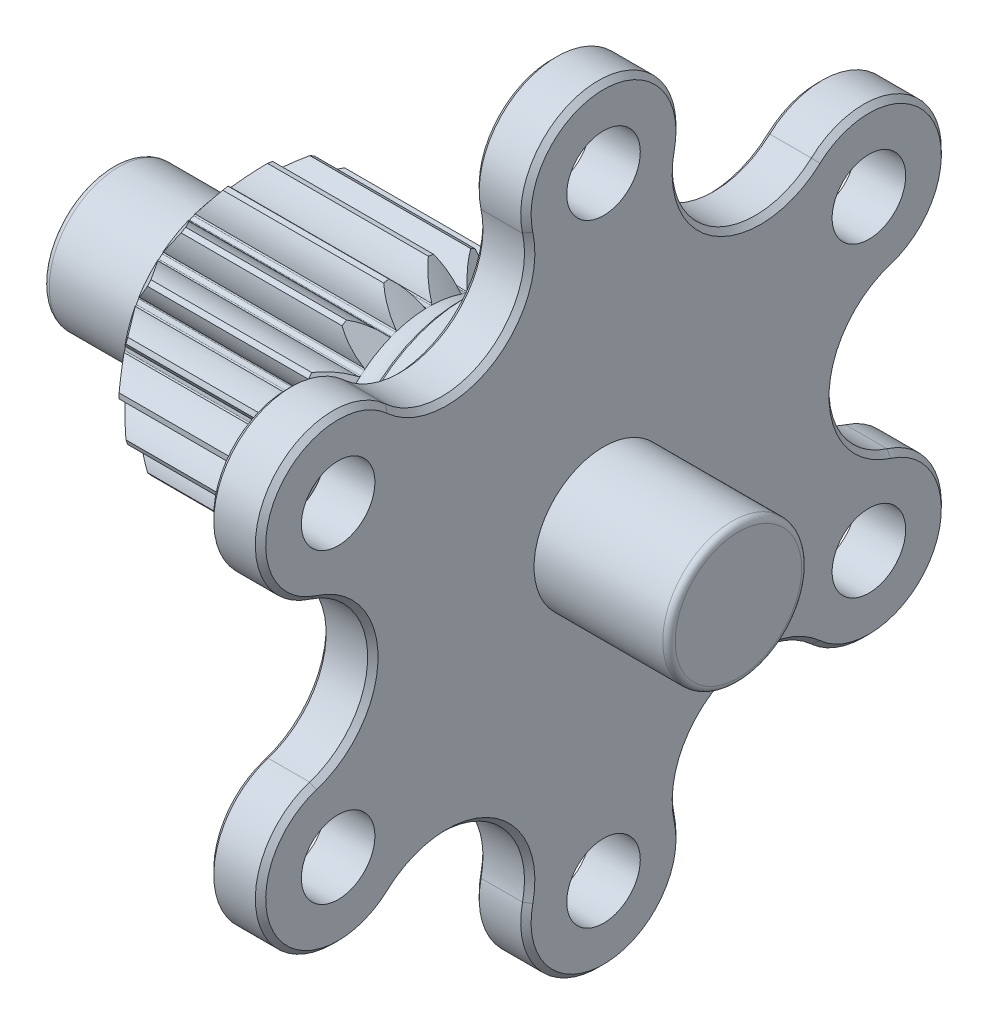
from build123d import *
from OCP.BRepFilletAPI import BRepFilletAPI_MakeChamfer

# Parameters (mm, degrees)
SKETCH1_R              = 47
BASE_EXTRUDE_DEPTH     = 6.35
M8_CLEARANCE_HOLES_D   = 9
CIRPATTERN_COUNT       = 6
CUT_EXTRUDE_DEPTH      = 67.770670957
CUT_EXTRUDE_DEPTH_BACK = 67.770670957
CHAMFER1_SIZE          = 0.635
SKETCH8_R              = 15.748
SHAFT_EXTRUDE_DEPTH    = 52.5820005
CHAMFER3_SIZE          = 0.635
SHAFT_CHAMFER_SIZE     = 1
CUT_EXTRUDE1_START     = -12.856999432
SKETCH45_R             = 15.748
SKETCH45_R_2           = 8.5127
CUT_EXTRUDE1_DEPTH     = 12.856999432
SKETCH55_R             = 8.5
BOSS_EXTRUDE4_DEPTH    = 16.51
SKETCH56_R             = 8.5127
BOSS_EXTRUDE5_DEPTH    = 1.143
FILLET9_R              = 1.524
CUT_EXTRUDE17_START    = -25.4
CUT_EXTRUDE17_DEPTH    = 25.4
CHAMFER6_SIZE          = 2.54
CHAMFER6_SIZE2         = 3.027054125
FILLET10_R             = 1.27
FILLET11_R             = 0.762
FILLET12_R             = 0.762
SKETCH95_R             = 6.614412416
SKETCH95_R_2           = 4.5
CUT_EXTRUDE18_DEPTH    = 0.254
CHAMFER7_SIZE          = 0.508


with BuildPart() as part:
    # Sketch1 → Base-Extrude (new body)
    with BuildSketch(Plane(origin=(0, 0, 0), x_dir=(0, 0, -1), z_dir=(1, 0, 0))):
        Circle(SKETCH1_R)
    extrude(amount=-BASE_EXTRUDE_DEPTH)

    # M8 Clearance Holes (through all)
    with Locations(Plane(origin=(0, 0, 0), x_dir=(0, 0, -1), z_dir=(1, 0, 0))):
        with Locations((0, -37.5)):
            m8_clearance_holes = Hole(M8_CLEARANCE_HOLES_D / 2)

    # CirPattern: M8 Clearance Holes ×6 about axis
    cirpattern_axis = Axis((0, 0, 0), (1, 0, 0))
    for i in range(1, CIRPATTERN_COUNT):
        add(m8_clearance_holes.rotate(cirpattern_axis, i * 360 / CIRPATTERN_COUNT), mode=Mode.SUBTRACT)

    # Sketch19 → Cut-Extrude (cut, two sides: drawn at the far end of the back side and taken through both)
    with BuildSketch(Plane(origin=(0, 0, 0), x_dir=(0, 0, -1), z_dir=(1, 0, 0)).offset(-CUT_EXTRUDE_DEPTH_BACK)):
        with BuildLine():
            ThreePointArc((9.274838239, 35.443941724), (14.114033661, 24.446223401), (26.057934823, 25.754216393))
            ThreePointArc((26.057934823, 25.754216393), (33.921184851, 28.139425108), (40.703194264, 23.499999504))
            ThreePointArc((40.703194264, 23.499999504), (23.500000227, 40.703193847), (-4.7e-08, 47))
            ThreePointArc((-4.7e-08, 47), (7.40886473, 43.446320157), (9.274838239, 35.443941724))
        make_face()
        with BuildLine():
            ThreePointArc((-26.057934823, 25.754216393), (-14.114033661, 24.446223401), (-9.274838239, 35.443941724))
            ThreePointArc((-9.274838239, 35.443941724), (-7.40886476, 43.44632012), (-4.7e-08, 47))
            ThreePointArc((-4.7e-08, 47), (-23.500000787, 40.703193523), (-40.703194863, 23.499998466))
            ThreePointArc((-40.703194863, 23.499998466), (-33.921185443, 28.139425017), (-26.057934823, 25.754216393))
        make_face()
        with BuildLine():
            ThreePointArc((40.703193464, -23.50000089), (47, -8e-07), (40.703194264, 23.499999504))
            ThreePointArc((40.703194264, 23.499999504), (41.33004921, 15.30689472), (35.332773062, 9.689725331))
            ThreePointArc((35.332773062, 9.689725331), (28.228067323, 0), (35.332773062, -9.689725331))
            ThreePointArc((35.332773062, -9.689725331), (41.330049499, -15.306895465), (40.703193464, -23.50000089))
        make_face()
        with BuildLine():
            ThreePointArc((-35.332773062, 9.689725331), (-41.330048992, 15.306894161), (-40.703194863, 23.499998466))
            ThreePointArc((-40.703194863, 23.499998466), (-47, -6.9e-08), (-40.703194794, -23.499998586))
            ThreePointArc((-40.703194794, -23.499998586), (-41.330049018, -15.306894226), (-35.332773062, -9.689725331))
            ThreePointArc((-35.332773062, -9.689725331), (-28.228067323, 0), (-35.332773062, 9.689725331))
        make_face()
        with BuildLine():
            ThreePointArc((-26.057934823, -25.754216393), (-33.921185375, -28.139425028), (-40.703194794, -23.499998586))
            ThreePointArc((-40.703194794, -23.499998586), (-23.500000688, -40.703193581), (4.4e-08, -47))
            ThreePointArc((4.4e-08, -47), (-7.408864732, -43.446320155), (-9.274838239, -35.443941724))
            ThreePointArc((-9.274838239, -35.443941724), (-14.114033661, -24.446223401), (-26.057934823, -25.754216393))
        make_face()
        with BuildLine():
            ThreePointArc((4.4e-08, -47), (23.499999574, -40.703194224), (40.703193464, -23.50000089))
            ThreePointArc((40.703193464, -23.50000089), (33.92118406, -28.13942523), (26.057934823, -25.754216393))
            ThreePointArc((26.057934823, -25.754216393), (14.114033661, -24.446223401), (9.274838239, -35.443941724))
            ThreePointArc((9.274838239, -35.443941724), (7.408864759, -43.446320121), (4.4e-08, -47))
        make_face()
    extrude(amount=CUT_EXTRUDE_DEPTH + CUT_EXTRUDE_DEPTH_BACK, mode=Mode.SUBTRACT)

    # Chamfer1
    chamfer1_edges = [part.edges().sort_by_distance(p)[0] for p in [
        (-6.35, -24.446223401, 14.114033661),
        (-6.35, 24.446223401, -14.114033661),
        (-6.35, 24.446223401, 14.114033661),
        (-6.35, 23.5, 40.703193978),
        (-6.35, 47, 0),
        (-6.35, -24.446223401, -14.114033661),
        (-6.35, -23.5, -40.703193978),
        (-6.35, -47, 0),
        (-6.35, 0, 28.228067323),
        (-6.35, -23.5, 40.703193978),
        (-6.35, 0, -28.228067323),
        (-6.35, 23.5, -40.703193978),
    ]]
    chamfer(chamfer1_edges, length=CHAMFER1_SIZE)

    # Sketch8 → Shaft-Extrude (add)
    with BuildSketch(Plane.ZY.offset(6.35)):
        with Locations(Location((0, 0, 0), (0, 0, 180))):
            Circle(SKETCH8_R)
    extrude(amount=SHAFT_EXTRUDE_DEPTH)

    # Chamfer3
    chamfer3_edges = [part.edges().sort_by_distance(p)[0] for p in [
        (0, 24.446223401, -14.114033661),
        (0, -24.446223401, 14.114033661),
        (0, -24.446223401, -14.114033661),
        (0, -47, 0),
        (0, -23.5, -40.703193978),
        (0, 24.446223401, 14.114033661),
        (0, 47, 0),
        (0, 23.5, 40.703193978),
        (0, 0, -28.228067323),
        (0, 23.5, -40.703193978),
        (0, 0, 28.228067323),
        (0, -23.5, 40.703193978),
    ]]
    chamfer(chamfer3_edges, length=CHAMFER3_SIZE)

    # Shaft Chamfer
    shaft_chamfer_edges = [part.edges().sort_by_distance(p)[0] for p in [
        (-58.9320005, 0, 15.748),
    ]]
    chamfer(shaft_chamfer_edges, length=SHAFT_CHAMFER_SIZE)

    # Sketch45 → Cut-Extrude1 (cut)
    with BuildSketch(Plane.ZY.offset(58.9320005).offset(CUT_EXTRUDE1_START)):
        with Locations(Location((0, 0, 0), (0, 0, 180))):
            Circle(SKETCH45_R)
        Circle(SKETCH45_R_2, mode=Mode.SUBTRACT)
    extrude(amount=CUT_EXTRUDE1_DEPTH, mode=Mode.SUBTRACT)

    # Sketch55 → Boss-Extrude4 (add)
    with BuildSketch(Plane(origin=(0, 0, 0), x_dir=(0, 0, -1), z_dir=(1, 0, 0))):
        Circle(SKETCH55_R)
    extrude(amount=BOSS_EXTRUDE4_DEPTH)

    # Sketch56 → Boss-Extrude5 (add)
    with BuildSketch(Plane.ZY.offset(58.9320005)):
        Circle(SKETCH56_R)
    extrude(amount=BOSS_EXTRUDE5_DEPTH)

    # Fillet9
    fillet9_edges = [part.edges().sort_by_distance(p)[0] for p in [
        (-46.075001068, 0, -8.5127),
    ]]
    fillet(fillet9_edges, radius=FILLET9_R)

    # Cut-Extrude17: read off the stored shape, not the designer's step
    # Cut-Extrude17 outline → Cut-Extrude17 (cut)
    with BuildSketch(Plane.ZY.offset(46.075001068).offset(CUT_EXTRUDE17_START)):
        with BuildLine():
            ThreePointArc((-14.684667578, 5.688588763), (-12.987779277, 6.048943991), (-11.254165829, 5.986733001))
            ThreePointArc((-11.254165829, 5.986733001), (-11.162537651, 6.019355375), (-11.090657474, 6.084877757))
            ThreePointArc((-11.090657474, 6.084877757), (-10.95542401, 6.325117018), (-10.814987438, 6.562352263))
            ThreePointArc((-10.814987438, 6.562352263), (-10.794183479, 6.657363514), (-10.811745764, 6.753027031))
            ThreePointArc((-10.811745764, 6.753027031), (-11.732428783, 8.223274824), (-12.268796147, 9.873000815))
            ThreePointArc((-12.268796147, 9.873000815), (-13.63816805, 7.874000015), (-14.684667578, 5.688588763))
        make_face()
        with BuildLine():
            ThreePointArc((-12.469388985, 2.647934833), (-13.837402385, 3.714623697), (-14.905662359, 5.081410594))
            ThreePointArc((-14.905662359, 5.081410594), (-15.508752491, 2.73461152), (-15.744685706, 0.323072774))
            ThreePointArc((-15.744685706, 0.323072774), (-14.273381038, 1.242065902), (-12.623039862, 1.776537414))
            ThreePointArc((-12.623039862, 1.776537414), (-12.548095048, 1.8385311), (-12.50295975, 1.924686467))
            ThreePointArc((-12.50295975, 1.924686467), (-12.458048528, 2.196690097), (-12.407220551, 2.467650443))
            ThreePointArc((-12.407220551, 2.467650443), (-12.420166986, 2.564047187), (-12.469388985, 2.647934833))
        make_face()
        with BuildLine():
            ThreePointArc((-8.152132052, 13.473761428), (-10.122619264, 12.063667902), (-11.853461818, 10.367976993))
            ThreePointArc((-11.853461818, 10.367976993), (-10.135659657, 10.126230162), (-8.527873304, 9.474840233))
            ThreePointArc((-8.527873304, 9.474840233), (-8.430613472, 9.474156555), (-8.340658225, 9.511142985))
            ThreePointArc((-8.340658225, 9.511142985), (-8.13141367, 9.690641477), (-7.918307228, 9.865537551))
            ThreePointArc((-7.918307228, 9.865537551), (-7.86626214, 9.947703548), (-7.850046439, 10.043604504))
            ThreePointArc((-7.850046439, 10.043604504), (-8.212351117, 11.740077645), (-8.152132052, 13.473761428))
        make_face()
        with BuildLine():
            ThreePointArc((-12.623039866, -1.776537385), (-14.273381041, -1.24206587), (-15.744685707, -0.323072738))
            ThreePointArc((-15.744685707, -0.323072738), (-15.508752498, -2.734611484), (-14.905662371, -5.08141056))
            ThreePointArc((-14.905662371, -5.08141056), (-13.837402393, -3.714623666), (-12.469388991, -2.647934805))
            ThreePointArc((-12.469388991, -2.647934805), (-12.420166992, -2.564047159), (-12.407220557, -2.467650415))
            ThreePointArc((-12.407220557, -2.467650415), (-12.458048533, -2.196690069), (-12.502959755, -1.924686439))
            ThreePointArc((-12.502959755, -1.924686439), (-12.548095052, -1.838531072), (-12.623039866, -1.776537385))
        make_face()
        with BuildLine():
            ThreePointArc((-3.052200518, 15.449387561), (-5.3861332, 14.798279398), (-7.592553624, 13.796834183))
            ThreePointArc((-7.592553624, 13.796834183), (-6.061029895, 12.982143528), (-4.7729934, 11.8201419))
            ThreePointArc((-4.7729934, 11.8201419), (-4.681832885, 11.786234631), (-4.5846525, 11.790224))
            ThreePointArc((-4.5846525, 11.790224), (-4.326634836, 11.887331556), (-4.066562304, 11.978793409))
            ThreePointArc((-4.066562304, 11.978793409), (-3.989553493, 12.038203723), (-3.941515659, 12.122775047))
            ThreePointArc((-3.941515659, 12.122775047), (-3.701742705, 13.840853836), (-3.052200518, 15.449387561))
        make_face()
        with BuildLine():
            ThreePointArc((-11.254165843, -5.986732975), (-12.987779291, -6.048943962), (-14.684667591, -5.68858873))
            ThreePointArc((-14.684667591, -5.68858873), (-13.638168068, -7.873999984), (-12.26879617, -9.873000787))
            ThreePointArc((-12.26879617, -9.873000787), (-11.732428801, -8.223274797), (-10.811745779, -6.753027006))
            ThreePointArc((-10.811745779, -6.753027006), (-10.794183495, -6.657363489), (-10.814987453, -6.562352239))
            ThreePointArc((-10.814987453, -6.562352239), (-10.955424024, -6.325116993), (-11.090657488, -6.084877731))
            ThreePointArc((-11.090657488, -6.084877731), (-11.162537665, -6.01935535), (-11.254165843, -5.986732975))
        make_face()
        with BuildLine():
            ThreePointArc((2.415871444, 15.561589545), (1.8e-08, 15.748), (-2.415871408, 15.561589551))
            ThreePointArc((-2.415871408, 15.561589551), (-1.255350476, 14.272218789), (-0.44242005, 12.739760007))
            ThreePointArc((-0.44242005, 12.739760007), (-0.368354156, 12.676718864), (-0.275670021, 12.647229995))
            ThreePointArc((-0.275670021, 12.647229995), (1.5e-08, 12.65023401), (0.27567005, 12.647229995))
            ThreePointArc((0.27567005, 12.647229995), (0.368354185, 12.676718863), (0.442420079, 12.739760006))
            ThreePointArc((0.442420079, 12.739760006), (1.255350509, 14.272218786), (2.415871444, 15.561589545))
        make_face()
        with BuildLine():
            ThreePointArc((-8.527873325, -9.474840214), (-10.135659679, -10.126230139), (-11.853461841, -10.367976966))
            ThreePointArc((-11.853461841, -10.367976966), (-10.122619291, -12.063667879), (-8.152132082, -13.473761409))
            ThreePointArc((-8.152132082, -13.473761409), (-8.212351144, -11.740077626), (-7.850046462, -10.043604486))
            ThreePointArc((-7.850046462, -10.043604486), (-7.866262163, -9.94770353), (-7.91830725, -9.865537533))
            ThreePointArc((-7.91830725, -9.865537533), (-8.131413692, -9.690641459), (-8.340658247, -9.511142966))
            ThreePointArc((-8.340658247, -9.511142966), (-8.430613493, -9.474156536), (-8.527873325, -9.474840214))
        make_face()
        with BuildLine():
            ThreePointArc((7.592553655, 13.796834166), (5.386133234, 14.798279386), (3.052200553, 15.449387554))
            ThreePointArc((3.052200553, 15.449387554), (3.701742737, 13.840853828), (3.941515687, 12.122775038))
            ThreePointArc((3.941515687, 12.122775038), (3.98955352, 12.038203713), (4.066562331, 11.9787934))
            ThreePointArc((4.066562331, 11.9787934), (4.326634863, 11.887331546), (4.584652527, 11.79022399))
            ThreePointArc((4.584652527, 11.79022399), (4.681832912, 11.78623462), (4.772993427, 11.820141889))
            ThreePointArc((4.772993427, 11.820141889), (6.061029924, 12.982143514), (7.592553655, 13.796834166))
        make_face()
        with BuildLine():
            ThreePointArc((-4.772993427, -11.820141889), (-6.061029924, -12.982143514), (-7.592553655, -13.796834166))
            ThreePointArc((-7.592553655, -13.796834166), (-5.386133234, -14.798279386), (-3.052200553, -15.449387554))
            ThreePointArc((-3.052200553, -15.449387554), (-3.701742737, -13.840853828), (-3.941515687, -12.122775038))
            ThreePointArc((-3.941515687, -12.122775038), (-3.98955352, -12.038203713), (-4.066562331, -11.9787934))
            ThreePointArc((-4.066562331, -11.9787934), (-4.326634863, -11.887331546), (-4.584652527, -11.79022399))
            ThreePointArc((-4.584652527, -11.79022399), (-4.681832912, -11.78623462), (-4.772993427, -11.820141889))
        make_face()
        with BuildLine():
            ThreePointArc((11.853461841, 10.367976966), (10.122619291, 12.063667879), (8.152132082, 13.473761409))
            ThreePointArc((8.152132082, 13.473761409), (8.212351144, 11.740077626), (7.850046462, 10.043604486))
            ThreePointArc((7.850046462, 10.043604486), (7.866262163, 9.94770353), (7.91830725, 9.865537533))
            ThreePointArc((7.91830725, 9.865537533), (8.131413692, 9.690641459), (8.340658247, 9.511142966))
            ThreePointArc((8.340658247, 9.511142966), (8.430613493, 9.474156536), (8.527873325, 9.474840214))
            ThreePointArc((8.527873325, 9.474840214), (10.135659679, 10.126230139), (11.853461841, 10.367976966))
        make_face()
        with BuildLine():
            ThreePointArc((-0.442420079, -12.739760006), (-1.255350509, -14.272218786), (-2.415871444, -15.561589545))
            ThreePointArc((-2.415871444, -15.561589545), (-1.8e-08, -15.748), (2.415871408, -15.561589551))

------------------------------------------------------------

● Action item: Every line in the data that holds the string "Mode" should be returned.

● Response:
        add(m8_clearance_holes.rotate(cirpattern_axis, i * 360 / CIRPATTERN_COUNT), mode=Mode.SUBTRACT)
    extrude(amount=CUT_EXTRUDE_DEPTH + CUT_EXTRUDE_DEPTH_BACK, mode=Mode.SUBTRACT)
        Circle(SKETCH45_R_2, mode=Mode.SUBTRACT)
    extrude(amount=CUT_EXTRUDE1_DEPTH, mode=Mode.SUBTRACT)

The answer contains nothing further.